• [Work instructions]: What lines below mention the word "width"? Copy each one.

• [Dataset content]:
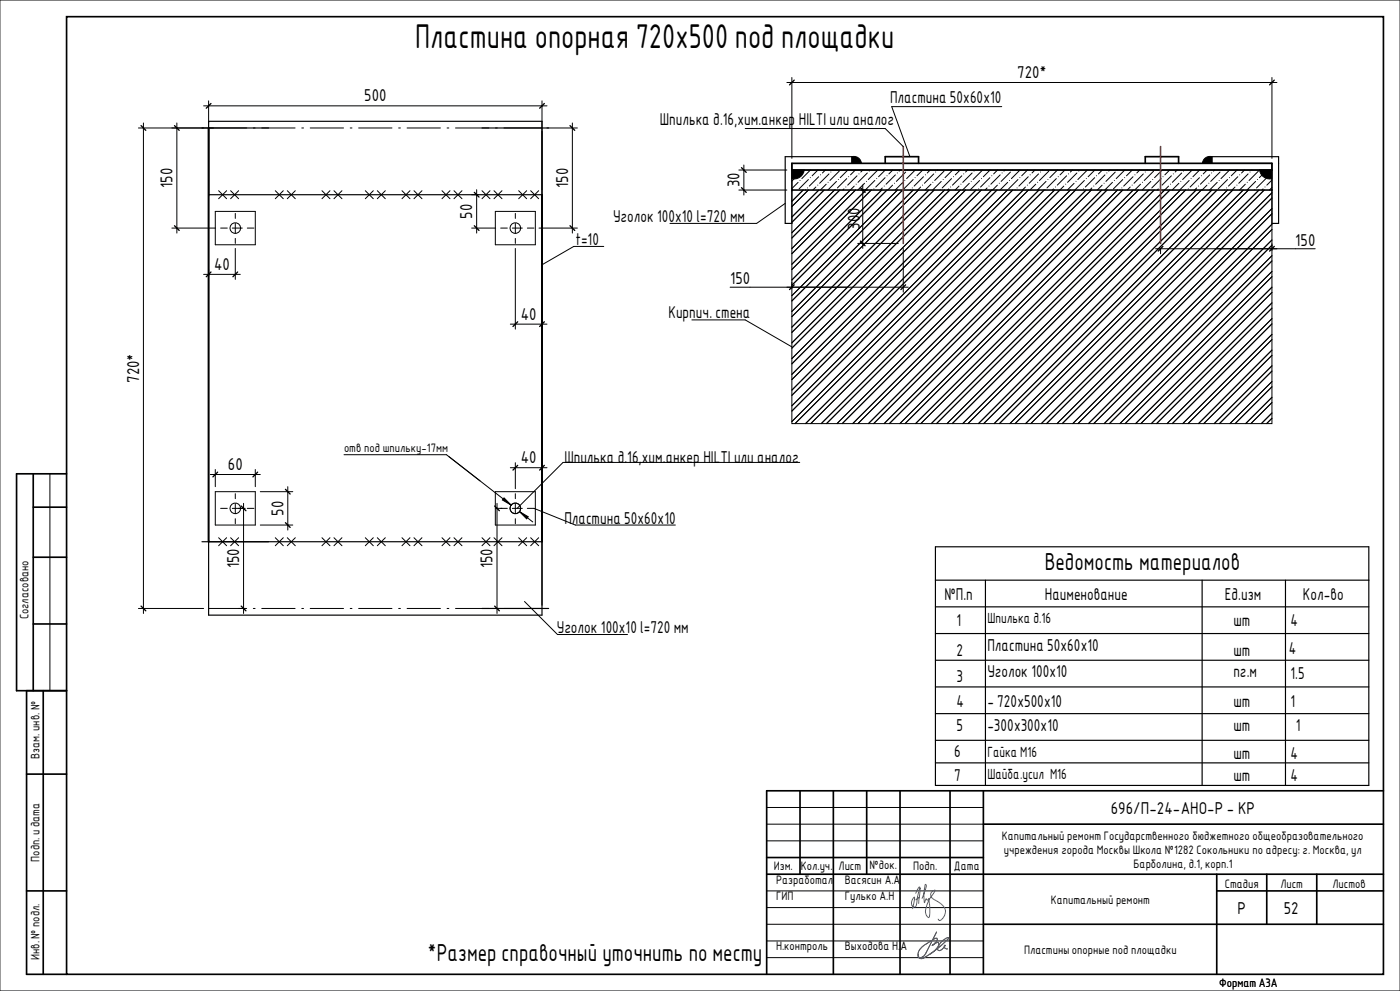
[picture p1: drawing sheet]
<svg xmlns="http://www.w3.org/2000/svg" width="420mm" height="297mm" viewBox="0 0 420 297" stroke-linecap="round" stroke-linejoin="round" font-family="sans-serif">
<path d="M237.6 51h3.7a3.1 3.1 0 0 1-3.7 2.6zM255.6 47a2.25 2.25 0 0 1 2.9 2h-2.9zM361.5 47.5a2.25 2.25 0 0 1 2.1-.5v2h-2.8zM377.9 51h3.7v2.6a3.1 3.1 0 0 1-3.7-2.6zM151.2 149.3l2.2 2.1-2.6-1.5zM155.9 153.4l2.6 1.5-.5 .6z" fill="#000"/>
<g fill="none" stroke="#000" stroke-width=".3">
<path d="M0 0h420.1v297.1h-420.1zM41.5 38.4h32.5M43 36.9v147M53.1 36.9v33M61.1 31.7h103M62.6 30.2v6.7M76 38.4h.5M78.5 38.4h10M90.5 38.4h.6M93.1 38.4h10M105.1 38.4h.5M107.6 38.4h10"/>
<path d="M119.6 38.4h.5M122.1 38.4h10M134.1 38.4h.6M136.7 38.4h10M148.7 38.4h.5M151.2 38.4h11.4M162.6 30.2v26.7M164.1 38.4h9.1M171.7 36.9v33M223.6 38.5h42l5.4 5.4M236.1 24.7h147M237.6 23.2v24.3"/>
<path d="M300.6 32h-33l5.4 15M381.6 23.2v24.3M65.6 57.2l2.4 2.4M68 57.2l-2.4 2.4M69.2 57.2l2.4 2.4M71.6 57.2l-2.4 2.4M82.6 57.2l2.4 2.4M85 57.2l-2.4 2.4M86.2 57.2l2.4 2.4M88.6 57.2l-2.4 2.4M96.6 57.2l2.4 2.4M99 57.2l-2.4 2.4"/>
<path d="M100.2 57.2l2.4 2.4M102.6 57.2l-2.4 2.4M109.6 57.2l2.4 2.4M112 57.2l-2.4 2.4M113.2 57.2l2.4 2.4M115.6 57.2l-2.4 2.4M120.6 57.2l2.4 2.4M123 57.2l-2.4 2.4M124.2 57.2l2.4 2.4M126.6 57.2l-2.4 2.4M132.6 57.2l2.4 2.4M135 57.2l-2.4 2.4"/>
<path d="M136.2 57.2l2.4 2.4M138.6 57.2l-2.4 2.4M141.5 58.4h2M143 56.9v13M144.6 57.2l2.4 2.4M147 57.2l-2.4 2.4M148.2 57.2l2.4 2.4M150.6 57.2l-2.4 2.4M155.6 57.2l2.4 2.4M158 57.2l-2.4 2.4M159.2 57.2l2.4 2.4M161.6 57.2l-2.4 2.4"/>
<path d="M221.7 51h14.4M221.7 57h14.4M223.2 49.5v9M237.6 51h3.7a3.1 3.1 0 0 1-3.7 2.6zM237.6 57h144v70h-144zM237.8 57l-.2 .2M238.3 53.6l-.7 .7M239.5 54.7l-1.9 1.8M240.1 54.1h-.1M241 57l-3.4 3.4M241.7 56.9v.1M242.3 56.3v.1"/>
<path d="M242.6 57l-5 4.9M242.6 53.8l-2.8 2.8M243.1 53.2v.1M243.2 51l-2.6 2.5M244.8 56.1l-.9 .9M245.4 55.5h.1M245.4 51l-1.7 1.7M245.6 53l-2.8 2.8M245.7 57l-8.1 8.1M246.2 52.4h.1M247.3 57l-9.7 9.6M247.7 51l-.9 .9"/>
<path d="M247.9 55.2l-1.7 1.8M248.5 54.6v.1M248.7 52.1l-2.8 2.8M249.3 51.6h.1M249.9 51h.1M250.4 57l-12.8 12.8M250.7 56.9h.1M251 54.4l-2.6 2.6M251.6 53.8h-.1M251.8 51.3l-2.8 2.8M252 57l-14.4 14.4M253.2 56.6l-.3 .4"/>
<path d="M253.8 56v.1M254.1 53.5l-2.8 2.9M254.4 51l-2.3 2.3M254.7 53h-.1M255.6 47a2.25 2.25 0 0 1 2.9 2h-2.9zM256.3 55.8l-18.7 18.7M256.6 51l-1.4 1.4M256.7 57l-19.1 19.1M256.9 55.2h.1M257.2 52.7l-2.8 2.8M257.7 52.1h.1M258.4 57h2"/>
<path d="M258.9 55.5v19M258.9 51l-.6 .6M259.4 54.9l-2 2.1M259.8 57l-22.2 22.2M260 54.4h.1M260.2 51.9l-2.8 2.8M260.8 51.3h.1M261.4 57l-23.8 23.8M262.2 56.6h.1M262.5 54.1l-2.8 2.8M263.1 53.5h.1M263.3 51l-2.8 2.8"/>
<path d="M264.6 57l-27 26.9M264.7 56.4l-.6 .6M265.3 55.8h.1M265.6 53.3l-2.8 2.8M265.6 51l-2 2M266.1 57l-28.5 28.5M266.2 52.7h-.1M267.8 55.5l-1.4 1.5M267.9 51l-1.2 1.1M268.4 54.9h.1M268.7 52.4l-2.8 2.8M269.3 51.8l-.1 .1"/>
<path d="M269.3 57l-31.7 31.7M270.1 51l-.3 .3M270.9 57l-33.3 33.2M270.9 54.7l-2.3 2.3M271.5 54.1h.1M271.8 51.6l-2.9 2.8M272.3 51h.1M273.2 56.9l-.1 .1M273.7 56.3v.1M274 57l-36.4 36.4M274 53.8l-2.8 2.8M274.6 53.2v.1"/>
<path d="M274.6 51l-2.6 2.5M275.6 57l-38 37.9M276.2 56.1l-.9 .9M276.8 55.5h.1M276.9 51l-1.8 1.7M277.1 53l-2.8 2.8M277.7 52.4h.1M278.7 57l-41.1 41.1M279.1 51l-.9 .9M279.3 55.2l-1.7 1.8M279.9 54.6v.1M280.2 52.1l-2.8 2.8"/>
<path d="M280.3 57l-42.7 42.7M280.8 51.6h-.1M281.3 51h.1M282.2 56.9h-.1M282.4 54.4l-2.6 2.6M283 53.8h.1M283.3 51.3l-2.8 2.8M283.4 57l-45.8 45.8M284.7 56.6l-.4 .4M285 57l-47.4 47.4M285.3 56l-.1 .1M285.5 53.5l-2.8 2.9"/>
<path d="M285.8 51l-2.3 2.3M286.1 53h.1M287.8 55.8l-1.2 1.2M288.1 51l-1.5 1.4M288.1 57l-50.5 50.5M288.3 55.2h.1M288.6 52.7l-2.8 2.8M289.2 52.1h.1M289.7 57l-52.1 52.1M290.3 51l-.6 .6M290.8 54.9l-2 2.1M291.4 54.4h.1"/>
<path d="M291.7 51.9l-2.8 2.8M292.3 51.3h-.1M292.9 57l-55.3 55.2M293.7 56.6h.1M293.9 54.1l-2.8 2.8M294.4 57l-56.8 56.8M294.5 53.5h.1M294.8 51l-2.8 2.8M296.2 56.4l-.6 .6M296.8 55.8h-.1M297 53.3l-2.8 2.8M297.1 51l-2 2"/>
<path d="M297.6 57l-60 60M297.6 52.7h.1M299.2 57l-61.6 61.5M299.3 55.5l-1.5 1.5M299.3 51l-1.2 1.1M299.9 54.9h-.1M300.1 52.4l-2.8 2.8M300.7 51.8v.1M301.6 51l-.4 .3M302.3 57l-64.7 64.7M302.4 54.7l-2.4 2.3M302.9 54.1h.1"/>
<path d="M303.2 51.6l-2.8 2.8M303.8 51h.1M303.9 57l-66.3 66.2M304.6 56.9l-.1 .1M305.2 56.3v.1M305.4 53.8l-2.8 2.8M306 53.2v.1M306.1 51l-2.6 2.5M307 57l-69.4 69.4M307.7 56.1l-.9 .9M308.3 55.5h.1M308.3 51l-1.7 1.7"/>
<path d="M308.5 53l-2.8 2.8M308.6 57l-70 70M309.1 52.4h.1M310.5 51l-.8 .9M310.8 55.2l-1.8 1.8M311.4 54.6l-.1 .1M311.6 52.1l-2.8 2.8M311.7 57l-70 70M312.2 51.6h.1M312.8 51h-.1M313.3 57l-70 70M313.6 56.9h.1"/>
<path d="M313.9 54.4l-2.6 2.6M314.5 53.8h-.1M314.7 51.3l-2.8 2.8M316.1 56.6l-.3 .4M316.4 57l-70 70M316.7 56v.1M317 53.5l-2.9 2.9M317.3 51l-2.3 2.3M317.5 53h.1M319.2 55.8l-71.2 71.2M319.5 51l-1.4 1.4M319.8 55.2h.1"/>
<path d="M320 52.7l-2.8 2.8M320.6 52.1h.1M321.2 57l-70.1 70M321.8 51l-.6 .6M322.3 54.9l-2 2.1M322.7 57l-70 70M322.9 54.4h-.1M323.1 51.9l-2.8 2.8M323.7 51.3h.1M325.1 56.6h.1M325.4 54.1l-2.8 2.8M325.9 57l-70 70"/>
<path d="M326 53.5h-.1M326.2 51l-2.8 2.8M327.4 57l-70 70M327.6 56.4l-.6 .6M328.2 55.8h.1M328.5 53.3l-2.8 2.8M328.5 51l-2 2M329 52.7h.1M330.6 57l-70 70M330.7 55.5l-1.5 1.5M330.8 51l-1.2 1.1M331.3 54.9h.1"/>
<path d="M331.6 52.4l-2.9 2.8M332.1 51.8v.1M332.2 57l-70.1 70M333 51l-.3 .3M333.8 54.7l-2.3 2.3M334.4 54.1h.1M334.6 51.6l-2.8 2.8M335.2 51h.1M335.3 57l-70 70M336 56.9v.1M336.6 56.3v.1M336.9 57l-70 70"/>
<path d="M336.9 53.8l-2.8 2.8M337.5 53.2l-.1 .1M337.5 51l-2.6 2.5M339.1 56.1l-.9 .9M339.7 55.5h.1M339.7 51l-1.7 1.7M340 53l-2.8 2.8M340 57l-70 70M340.6 52.4h-.1M341.6 57l-70 70M342 51l-.9 .9M342.2 55.2l-1.7 1.8"/>
<path d="M342.8 54.6v.1M343.1 52.1l-2.8 2.8M343.6 51.6h.1M344.2 51h.1M344.7 57l-70 70M345 56.9h.1M345.3 54.4l-2.6 2.6M345.9 53.8h.1M346.1 51.3l-2.8 2.8M346.3 57l-70 70M347.6 56.6l-.4 .4M348.1 56v.1"/>
<path d="M348.4 53.5l-2.8 2.9M348.7 51l-2.3 2.3M349 53h.1M350.6 55.8l-71.2 71.2M351 51l-1.5 1.4M351 57l-70 70M351.2 55.2h.1M351.5 52.7l-2.8 2.8M352.1 52.1h-.1M353.2 51l-.6 .6M353.7 54.9l-2 2.1M354.2 57l-70 70"/>
<path d="M354.3 54.4h.1M354.6 51.9l-2.8 2.8M355.2 51.3h-.1M355.7 57l-70 70M356.6 56.6h-.1M356.8 54.1l-2.8 2.8M357.4 53.5h.1M357.7 51l-2.8 2.8M358.9 57l-70 70M359.1 56.4l-.7 .6M359.6 55.8h.1M359.9 53.3l-2.8 2.8"/>
<path d="M359.9 51l-2 2M360.5 57l-70.1 70M360.5 52.7h.1M361.5 47.5a2.25 2.25 0 0 1 2.1-.5v2h-2.8zM362.1 55.5l-1.4 1.5M362.2 51l-1.2 1.1M362.7 54.9h.1M363 52.4l-2.8 2.8M363.6 51.8v.1M363.6 57l-70 70M364.4 51l-.3 .3M365.2 57l-70 70"/>
<path d="M365.2 54.7l-2.3 2.3M365.8 54.1h.1M366.1 51.6l-2.8 2.8M366.7 51h-.1M367.5 56.9l-.1 .1M368.1 56.3l-.1 .1M368.3 57l-70 70M368.3 53.8l-2.8 2.8M368.9 53.2v.1M368.9 51l-2.5 2.5M369.9 57l-70 70M370.6 56.1l-.9 .9"/>
<path d="M371.2 55.5h-.1M371.2 51l-1.8 1.7M371.4 53l-2.8 2.8M372 52.4h.1M373 57l-70 70M373.4 51l-.9 .9M373.7 55.2l-1.8 1.8M374.2 54.6v.1M374.5 52.1l-2.8 2.8M374.6 57l-70 70M375.1 51.6h.1M375.7 51h-.1"/>
<path d="M376.5 56.9h.1M376.7 54.4l-2.5 2.6M377.3 53.8h.1M377.6 51.3l-2.8 2.8M377.8 57l-70.1 70M377.9 51h3.7v2.6a3.1 3.1 0 0 1-3.7-2.6zM378.6 52.5l-.7 .8M379 56.6l-.3 .4M379.3 57l-70 70M379.6 56v.1M379.8 53.5l-2.8 2.9M381.6 56.2l-.7 .8"/>
<path d="M381.6 57.8l-69.2 69.2M381.6 59.4l-67.6 67.6M381.6 54l-1.5 1.5M51.6 68.4h13.1M64.6 63.4h12v10h-12zM66.2 68.4h2M69.7 68.4h3M70.6 64v1.5M70.6 67v3M70.6 71.5v1.5M70.6 74.5v9.3M74.2 68.4h2"/>
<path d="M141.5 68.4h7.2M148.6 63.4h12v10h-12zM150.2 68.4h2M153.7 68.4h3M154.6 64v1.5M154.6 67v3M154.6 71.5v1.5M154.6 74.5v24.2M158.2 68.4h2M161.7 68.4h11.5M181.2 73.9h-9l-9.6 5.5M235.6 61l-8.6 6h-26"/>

• [Result]:
<svg xmlns="http://www.w3.org/2000/svg" width="420mm" height="297mm" viewBox="0 0 420 297" stroke-linecap="round" stroke-linejoin="round" font-family="sans-serif">
<g fill="none" stroke="#000" stroke-width=".3">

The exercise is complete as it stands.